Saturday, February 18, 2017

The Mystery That Is Trans History

Where have transgender people ‘suddenly’ come from?

I’m willing to bet that’s a question asked increasingly often, with trans people suddenly on the television, or standing for Parliament and local government, and even on the fashion catwalks from Paris to Mumbai. It’s a very reasonable question too. If you knew nothing previously about transgender people — apart from the latest shock opinion piece in the broadsheets, or the latest faux news hit piece in some tabloids — then you could be forgiven for wondering whether such people’s relatively recent public appearance was a fad. Y’know, just part of the zeitgeist — like the gypsy look of the seventies or the gangster look that some young people affect to look tough.

The stock answer is that people have been crossing gender boundaries for millennia and in every kind of civilisation around the globe. They weren’t called ‘trans’ at the time, and in truth ‘trans’ is a really wide category for gender non-conformity, as we are belatedly rediscovering in 21st Century Western Society. People will refer to historical examples, like the Chevalier d’Eon, or more recent stories of people like Lili Elbe ('The Danish Girl’), Michael Dillon or Roberta Cowell. They may also refer to anthropological studies of communities like the Inuits (who have seven gender categories), the Indian Hijra caste or the Samoan Fa’afafine. There are many of these and this isn’t an exhaustive list. Google is your friend if you’re interested to learn more.

Missing Histories

But Google isn’t your friend if you want to understand what happened between isolated cases of people transitioning — like Roberta Cowell in 1954 — and what you see today. The reason for that is that people who hit headlines get archived. People who are living on the margins of society — marked as unacceptable by the law or seen as ‘sick’ by the media — don’t get written about very often, or very accurately, so the ability to research even relatively modern history is severely constrained.

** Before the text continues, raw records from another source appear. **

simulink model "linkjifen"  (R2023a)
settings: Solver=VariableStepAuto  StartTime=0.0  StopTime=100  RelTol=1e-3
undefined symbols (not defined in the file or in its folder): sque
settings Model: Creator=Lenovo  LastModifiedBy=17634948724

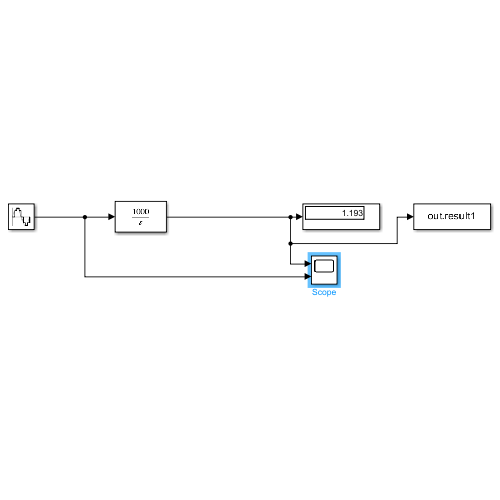
[thumbnail: Simulink's stored preview of the top-level diagram]
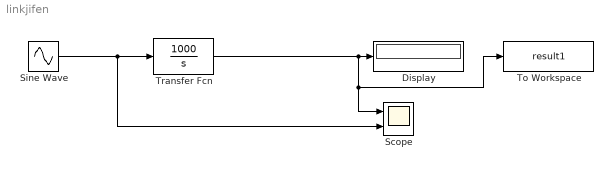
== system linkjifen ==
  Display : Display
  Scope : Scope  NumInputPorts=2
  Sine Wave : Sin  Amplitude=0.1  Frequency=sque  SampleTime=0.1
  To Workspace : ToWorkspace  VariableName=result1  SaveFormat=Timeseries  SampleTime=-1
  Transfer Fcn : TransferFcn  Numerator=[1000]  Denominator=[1 0]
  wires:
  Sine Wave/1 -> Transfer Fcn/1, Scope/2
  Transfer Fcn/1 -> To Workspace/1, Scope/1, Display/1

That’s a problem I first set out to solve four years ago when I wrote a two part history of the period when trans people formed a campaign called 'Press for Change'. The 25th anniversary of that campaign being set up will occur on 27th February 2017 — this year. ‘Pressing Matters’ was partly a memoir about being on the inside of that campaign, and partly a detailed historical account of how it was formed and made progress. I was only able to write that two volume history because I have well-preserved archives of internal correspondence, minutes and documents. Pressing Matters was self-published as an eBook (see previous posts) because it’s not the sort of book that a publisher would be likely to take a risk on. I had no misconceptions about how niche it was to write even just four years ago.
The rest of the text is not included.